A workshop in Perth on 5 December, “sustaining plantation production: a review” was a great example of how CRCs can deliver science that is both highly relevant to industry needs and scientifically challenging.

External science reviewer Dr Sadanandan Nambiar introduced the workshop with a review of the now famous second rotation decline in Pinus radiata plantations in the Green Triangle and the way the partnership between industry and researchers - working across, and seemingly without boundaries - not only arrested this decline but led to management systems underpinned by process knowledge.  This has led to production gains into the third rotation so that production now not only exceeds first rotation productivity but is achieved with less compartment to compartment variation.  He concluded that sound process knowledge is the basis of sustainable production and that this example showed that environmental management is not a cost but the basis of productivity.  He claimed that if you can take terrible initial germplasm of Pinus radiata, place it on some of the worst soils in the world, in a low rainfall environment, and grow it for industrial wood production in monoculture plantations and make it sustainable - then we should be able to meet the challenges in other plantations.

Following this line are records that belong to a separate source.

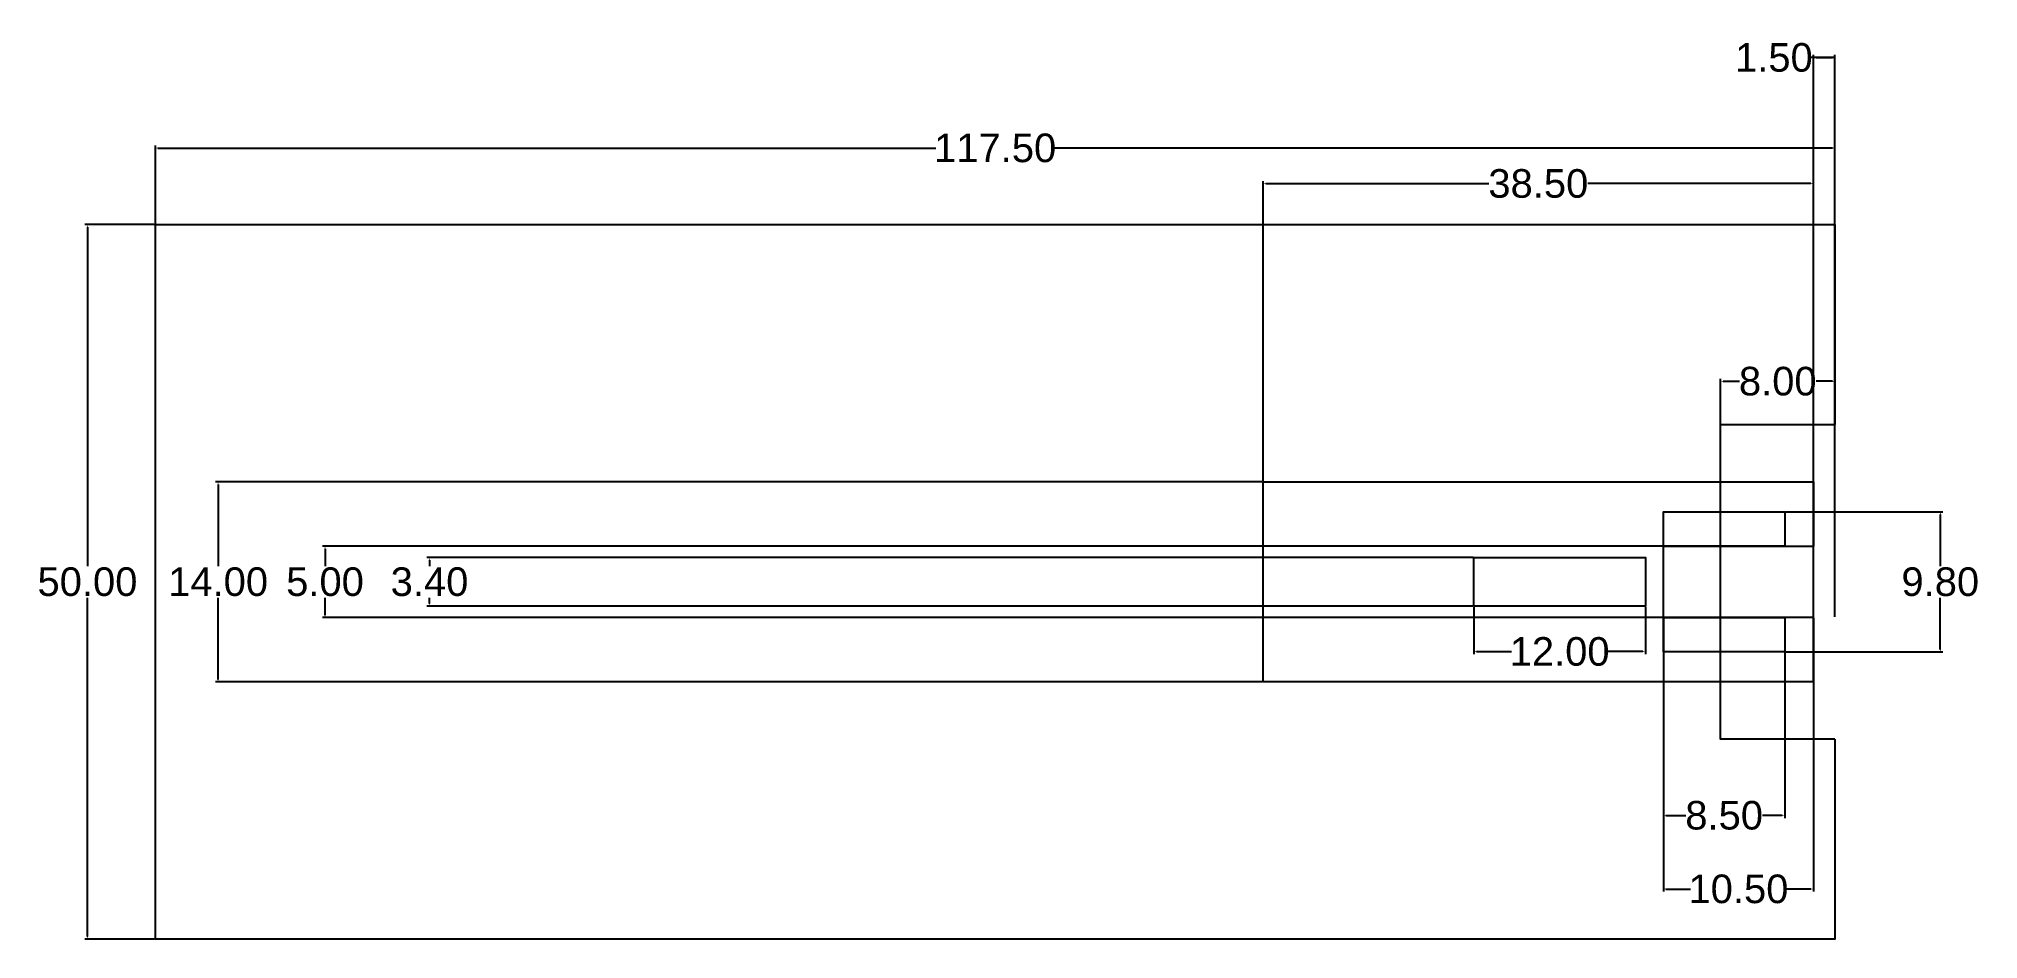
# Model space of a CAD drawing. Header units: millimetres. Extents: x -106 to 29, y -25 to 38.
import ezdxf

# ---------------------------------------------------------------- set-up
doc = ezdxf.new("R2010")
doc.units = ezdxf.units.MM
doc.header["$MEASUREMENT"] = 0
doc.layers.add('Dimensions', color=1, linetype='Continuous')
doc.styles.get("Standard").update_dxf_attribs({"font": 'arial.ttf'})
doc.dimstyles.get("Standard").update_dxf_attribs({"dimtxt": 2, "dimasz": 0.18, "dimexe": 0.18, "dimexo": 0.0625, "dimgap": 0.09, "dimtad": 0, "dimtih": 1, "dimtoh": 1, "dimzin": 0, "dimdsep": 46, "dimtxsty": 'Standard', "dimcen": 0.09, "dimadec": 0, "dimazin": 0, "dimtfac": 1, "dimtdec": 4, "dimtofl": 0, "dimtmove": 0, "dimatfit": 3, "dimfxl": 1, "dimtolj": 1, "dimtzin": 0, "dimarcsym": 0})

# ---------------------------------------------------------------- blocks, each defined once
blk = doc.blocks.new('*D1')
at = {"layer": 'Defpoints', "color": 0}
for p in [(-6, -1.7), (6, -1.7), (6, -4.88)]:
    blk.add_point(p, dxfattribs=at)
at = {"layer": 'Dimensions', "color": 0, "lineweight": -2}
for p, q in [((-6, -1.76), (-6, -5.06)), ((6, -1.76), (6, -5.06)), ((-5.82, -4.88), (-3.36, -4.88)), ((5.82, -4.88), (3.36, -4.88))]:
    blk.add_line(p, q, dxfattribs=at)
at = {"layer": 'Dimensions', "color": 0}
for points in [[(-5.82, -4.85), (-5.82, -4.91), (-6, -4.88)], [(5.82, -4.91), (5.82, -4.85), (6, -4.88)]]:
    blk.add_solid(points, dxfattribs=at)
at = {"layer": 'Dimensions', "color": 0, "insert": (0, -4.88), "char_height": 2, "attachment_point": 5}
blk.add_mtext('\\A1;12.00', dxfattribs=at)
blk = doc.blocks.new('*D5')
at = {"layer": 'Defpoints', "color": 0}
for p in [(-98.24, 25), (-102.99, -25), (-98.24, -25)]:
    blk.add_point(p, dxfattribs=at)
at = {"layer": 'Dimensions', "color": 0, "lineweight": -2}
for p, q in [((-98.3, 25), (-103.17, 25)), ((-102.99, 24.82), (-102.99, 1.11)), ((-102.99, -24.82), (-102.99, -1.11)), ((-98.3, -25), (-103.17, -25))]:
    blk.add_line(p, q, dxfattribs=at)
at = {"layer": 'Dimensions', "color": 0}
for points in [[(-102.96, 24.82), (-103.02, 24.82), (-102.99, 25)], [(-103.02, -24.82), (-102.96, -24.82), (-102.99, -25)]]:
    blk.add_solid(points, dxfattribs=at)
at = {"layer": 'Dimensions', "color": 0, "insert": (-102.99, 0), "char_height": 2, "attachment_point": 5}
blk.add_mtext('\\A1;50.00', dxfattribs=at)
blk = doc.blocks.new('*D6')
at = {"layer": 'Defpoints', "color": 0}
for p in [(19.26, 30.35), (-98.24, 25), (19.26, 25)]:
    blk.add_point(p, dxfattribs=at)
at = {"layer": 'Dimensions', "color": 0, "lineweight": -2}
for p, q in [((-98.24, 25.06), (-98.24, 30.53)), ((-98.06, 30.35), (-43.63, 30.35)), ((19.08, 30.35), (-35.35, 30.35)), ((19.26, 25.06), (19.26, 30.53))]:
    blk.add_line(p, q, dxfattribs=at)
at = {"layer": 'Dimensions', "color": 0}
for points in [[(-98.06, 30.38), (-98.06, 30.32), (-98.24, 30.35)], [(19.08, 30.32), (19.08, 30.38), (19.26, 30.35)]]:
    blk.add_solid(points, dxfattribs=at)
at = {"layer": 'Dimensions', "color": 0, "insert": (-39.49, 30.35), "char_height": 2, "attachment_point": 5}
blk.add_mtext('\\A1;117.50', dxfattribs=at)
blk = doc.blocks.new('*D9')
at = {"layer": 'Defpoints', "color": 0}
for p in [(19.26, 14.03), (19.26, -2.5), (11.26, -7)]:
    blk.add_point(p, dxfattribs=at)
at = {"layer": 'Dimensions', "color": 0, "lineweight": -2}
for p, q in [((11.26, -6.94), (11.26, 14.21)), ((11.44, 14.03), (12.58, 14.03)), ((19.08, 14.03), (17.94, 14.03)), ((19.26, -2.44), (19.26, 14.21))]:
    blk.add_line(p, q, dxfattribs=at)
at = {"layer": 'Dimensions', "color": 0}
for points in [[(11.44, 14.06), (11.44, 14), (11.26, 14.03)], [(19.08, 14), (19.08, 14.06), (19.26, 14.03)]]:
    blk.add_solid(points, dxfattribs=at)
at = {"layer": 'Dimensions', "color": 0, "insert": (15.26, 14.03), "char_height": 2, "attachment_point": 5}
blk.add_mtext('\\A1;8.00', dxfattribs=at)
blk = doc.blocks.new('*D10')
at = {"layer": 'Defpoints', "color": 0}
for p in [(17.76, 36.68), (17.76, -2.5), (19.26, -2.5)]:
    blk.add_point(p, dxfattribs=at)
at = {"layer": 'Dimensions', "color": 0, "lineweight": -2}
for p, q in [((19.26, 36.68), (17.58, 36.68)), ((17.76, -2.44), (17.76, 36.86)), ((19.08, 36.68), (17.94, 36.68)), ((17.94, 36.68), (19.08, 36.68)), ((19.26, -2.44), (19.26, 36.86))]:
    blk.add_line(p, q, dxfattribs=at)
at = {"layer": 'Dimensions', "color": 0}
for points in [[(17.94, 36.71), (17.94, 36.65), (17.76, 36.68)], [(19.08, 36.65), (19.08, 36.71), (19.26, 36.68)]]:
    blk.add_solid(points, dxfattribs=at)
at = {"layer": 'Dimensions', "color": 0, "insert": (14.99, 36.68), "char_height": 2, "attachment_point": 5}
blk.add_mtext('\\A1;1.50', dxfattribs=at)
blk = doc.blocks.new('*D12')
at = {"layer": 'Defpoints', "color": 0}
for p in [(-20.74, 7), (-93.85, -7), (-20.74, -7)]:
    blk.add_point(p, dxfattribs=at)
at = {"layer": 'Dimensions', "color": 0, "lineweight": -2}
for p, q in [((-20.8, 7), (-94.03, 7)), ((-93.85, 6.82), (-93.85, 1.11)), ((-93.85, -6.82), (-93.85, -1.11)), ((-20.8, -7), (-94.03, -7))]:
    blk.add_line(p, q, dxfattribs=at)
at = {"layer": 'Dimensions', "color": 0}
for points in [[(-93.82, 6.82), (-93.88, 6.82), (-93.85, 7)], [(-93.88, -6.82), (-93.82, -6.82), (-93.85, -7)]]:
    blk.add_solid(points, dxfattribs=at)
at = {"layer": 'Dimensions', "color": 0, "insert": (-93.85, 0), "char_height": 2, "attachment_point": 5}
blk.add_mtext('\\A1;14.00', dxfattribs=at)
blk = doc.blocks.new('*D13')
at = {"layer": 'Defpoints', "color": 0}
for p in [(7.26, 2.5), (-86.37, -2.5), (7.26, -2.5)]:
    blk.add_point(p, dxfattribs=at)
at = {"layer": 'Dimensions', "color": 0, "lineweight": -2}
for p, q in [((7.2, 2.5), (-86.55, 2.5)), ((-86.37, 2.32), (-86.37, 1.11)), ((-86.37, -2.32), (-86.37, -1.11)), ((7.2, -2.5), (-86.55, -2.5))]:
    blk.add_line(p, q, dxfattribs=at)
at = {"layer": 'Dimensions', "color": 0}
for points in [[(-86.34, 2.32), (-86.4, 2.32), (-86.37, 2.5)], [(-86.4, -2.32), (-86.34, -2.32), (-86.37, -2.5)]]:
    blk.add_solid(points, dxfattribs=at)
at = {"layer": 'Dimensions', "color": 0, "insert": (-86.37, 0), "char_height": 2, "attachment_point": 5}
blk.add_mtext('\\A1;5.00', dxfattribs=at)
blk = doc.blocks.new('*D14')
at = {"layer": 'Defpoints', "color": 0}
for p in [(-6, 1.7), (-79.06, -1.7), (-6, -1.7)]:
    blk.add_point(p, dxfattribs=at)
at = {"layer": 'Dimensions', "color": 0, "lineweight": -2}
for p, q in [((-6.06, 1.7), (-79.24, 1.7)), ((-79.06, 1.52), (-79.06, 1.11)), ((-79.06, -1.52), (-79.06, -1.11)), ((-6.06, -1.7), (-79.24, -1.7))]:
    blk.add_line(p, q, dxfattribs=at)
at = {"layer": 'Dimensions', "color": 0}
for points in [[(-79.03, 1.52), (-79.09, 1.52), (-79.06, 1.7)], [(-79.09, -1.52), (-79.03, -1.52), (-79.06, -1.7)]]:
    blk.add_solid(points, dxfattribs=at)
at = {"layer": 'Dimensions', "color": 0, "insert": (-79.06, 0), "char_height": 2, "attachment_point": 5}
blk.add_mtext('\\A1;3.40', dxfattribs=at)
blk = doc.blocks.new('*D16')
at = {"layer": 'Defpoints', "color": 0}
for p in [(7.26, -2.5), (17.76, -2.5), (17.76, -21.49)]:
    blk.add_point(p, dxfattribs=at)
at = {"layer": 'Dimensions', "color": 0, "lineweight": -2}
for p, q in [((7.26, -2.56), (7.26, -21.67)), ((17.76, -2.56), (17.76, -21.67)), ((7.44, -21.49), (9.15, -21.49)), ((17.58, -21.49), (15.87, -21.49))]:
    blk.add_line(p, q, dxfattribs=at)
at = {"layer": 'Dimensions', "color": 0}
for points in [[(7.44, -21.46), (7.44, -21.52), (7.26, -21.49)], [(17.58, -21.52), (17.58, -21.46), (17.76, -21.49)]]:
    blk.add_solid(points, dxfattribs=at)
at = {"layer": 'Dimensions', "color": 0, "insert": (12.51, -21.49), "char_height": 2, "attachment_point": 5}
blk.add_mtext('\\A1;10.50', dxfattribs=at)
blk = doc.blocks.new('*D17')
at = {"layer": 'Defpoints', "color": 0}
for p in [(15.76, 4.9), (15.76, -4.9), (26.63, -4.9)]:
    blk.add_point(p, dxfattribs=at)
at = {"layer": 'Dimensions', "color": 0, "lineweight": -2}
for p, q in [((15.82, 4.9), (26.81, 4.9)), ((26.63, 4.72), (26.63, 1.11)), ((26.63, -4.72), (26.63, -1.11)), ((15.82, -4.9), (26.81, -4.9))]:
    blk.add_line(p, q, dxfattribs=at)
at = {"layer": 'Dimensions', "color": 0}
for points in [[(26.66, 4.72), (26.6, 4.72), (26.63, 4.9)], [(26.6, -4.72), (26.66, -4.72), (26.63, -4.9)]]:
    blk.add_solid(points, dxfattribs=at)
at = {"layer": 'Dimensions', "color": 0, "insert": (26.63, 0), "char_height": 2, "attachment_point": 5}
blk.add_mtext('\\A1;9.80', dxfattribs=at)
blk = doc.blocks.new('*D18')
at = {"layer": 'Defpoints', "color": 0}
for p in [(7.26, -4.9), (15.76, -4.9), (15.76, -16.34)]:
    blk.add_point(p, dxfattribs=at)
at = {"layer": 'Dimensions', "color": 0, "lineweight": -2}
for p, q in [((7.26, -4.96), (7.26, -16.52)), ((15.76, -4.96), (15.76, -16.52)), ((7.44, -16.34), (8.83, -16.34)), ((15.58, -16.34), (14.19, -16.34))]:
    blk.add_line(p, q, dxfattribs=at)
at = {"layer": 'Dimensions', "color": 0}
for points in [[(7.44, -16.31), (7.44, -16.37), (7.26, -16.34)], [(15.58, -16.37), (15.58, -16.31), (15.76, -16.34)]]:
    blk.add_solid(points, dxfattribs=at)
at = {"layer": 'Dimensions', "color": 0, "insert": (11.51, -16.34), "char_height": 2, "attachment_point": 5}
blk.add_mtext('\\A1;8.50', dxfattribs=at)
blk = doc.blocks.new('*D19')
at = {"layer": 'Defpoints', "color": 0}
for p in [(17.76, 27.86), (-20.74, 7), (17.76, 7)]:
    blk.add_point(p, dxfattribs=at)
at = {"layer": 'Dimensions', "color": 0, "lineweight": -2}
for p, q in [((-20.74, 7.06), (-20.74, 28.04)), ((-20.56, 27.86), (-4.95, 27.86)), ((17.58, 27.86), (1.97, 27.86)), ((17.76, 7.06), (17.76, 28.04))]:
    blk.add_line(p, q, dxfattribs=at)
at = {"layer": 'Dimensions', "color": 0}
for points in [[(-20.56, 27.89), (-20.56, 27.83), (-20.74, 27.86)], [(17.58, 27.83), (17.58, 27.89), (17.76, 27.86)]]:
    blk.add_solid(points, dxfattribs=at)
at = {"layer": 'Dimensions', "color": 0, "insert": (-1.49, 27.86), "char_height": 2, "attachment_point": 5}
blk.add_mtext('\\A1;38.50', dxfattribs=at)

msp = doc.modelspace()

# ---------------------------------------------------------------- linework, layer by layer
for points in [[(19.26, -11), (19.26, -25), (-98.24, -25), (-98.24, 25), (19.26, 25), (19.26, 11)], [(11.26, 7), (11.26, 11), (19.26, 11)], [(17.76, -2.5), (17.76, -7), (-20.74, -7), (-20.74, 7), (17.76, 7), (17.76, 2.5)], [(17.76, 2.5), (17.76, 7)], [(17.76, -2.5), (7.26, -2.5), (7.26, 2.5), (17.76, 2.5)], [(17.76, -7), (17.76, -2.5)], [(19.26, -11), (11.26, -11), (11.26, -7)]]:
    msp.add_lwpolyline(points)
for points in [[(7.26, 2.5), (7.26, 4.9), (15.76, 4.9), (15.76, 2.5)], [(-6, -1.7), (-6, 1.7), (6, 1.7), (6, -1.7)], [(7.26, -4.9), (7.26, -2.5), (15.76, -2.5), (15.76, -4.9)]]:
    msp.add_lwpolyline(points, close=True)

# ---------------------------------------------------------------- dimensions: what is measured, and where the dimension line sits
at = {"layer": 'Dimensions'}
for base, p1, p2, picture, middle in [((17.76, 36.682), (19.26, -2.5), (17.76, -2.5), '*D10', (14.993, 36.682)), ((19.26, 30.354), (-98.24, 25), (19.26, 25), '*D6', (-39.49, 30.354)), ((17.76, 27.861), (-20.74, 7), (17.76, 7), '*D19', (-1.49, 27.861)), ((19.26, 14.029), (11.26, -7), (19.26, -2.5), '*D9', (15.26, 14.029)), ((6, -4.876), (-6, -1.7), (6, -1.7), '*D1', (0, -4.876)), ((17.76, -21.494), (7.26, -2.5), (17.76, -2.5), '*D16', (12.51, -21.494)), ((15.76, -16.342), (7.26, -4.9), (15.76, -4.9), '*D18', (11.51, -16.342))]:
    dim = msp.add_linear_dim(base=base, p1=p1, p2=p2, dimstyle='Standard', override={"dimlfac": 1}, dxfattribs=at)
    dim.commit()
    dim.dimension.update_dxf_attribs({"geometry": picture, "text_midpoint": middle})
for base, p1, p2, picture, middle in [((-102.986, -25), (-98.24, 25), (-98.24, -25), '*D5', (-102.986, 0)), ((-93.847, -7), (-20.74, 7), (-20.74, -7), '*D12', (-93.847, 0)), ((26.633, -4.9), (15.76, 4.9), (15.76, -4.9), '*D17', (26.633, 0)), ((-86.369, -2.5), (7.26, 2.5), (7.26, -2.5), '*D13', (-86.369, 0)), ((-79.057, -1.7), (-6, 1.7), (-6, -1.7), '*D14', (-79.057, 0))]:
    dim = msp.add_linear_dim(base=base, p1=p1, p2=p2, angle=90, dimstyle='Standard', override={"dimlfac": 1}, dxfattribs=at)
    dim.commit()
    dim.dimension.update_dxf_attribs({"geometry": picture, "text_midpoint": middle})

doc.saveas('drawing.dxf')

Dr Daniel Mendham (Project 1.1 “monitoring and measuring”) presented data showing changes in nutrient pools through the first rotation in blue gum plantations and showed how nutrient pools into the second rotation are affected by slash management in the inter-rotation period.  His work shows that although soil carbon and total nitrogen pools increase throughout the first rotation, the change in organic matter quality means that nutrient availability may decline by up to 50 per cent over a 10 year rotation.  The effect is likely to increase in the second rotation as the legacy of nitrogen rich organic matter from previous leguminous cropping systems diminishes.

Dr Paul Adams introduced process-based modelling work to investigate the long term sustainability of different management systems in Tasmania for sawlog production.  Using the CABALA model he showed that on low fertility sites inter-rotation management was important if production was to be sustained through many rotations.  Although the modelling was not without problems it clearly indicated how the new tools being developed can help us to anticipate and perhaps avoid the sustainability issues that initially confronted the Green Triangle pine grower’s in the 1960s.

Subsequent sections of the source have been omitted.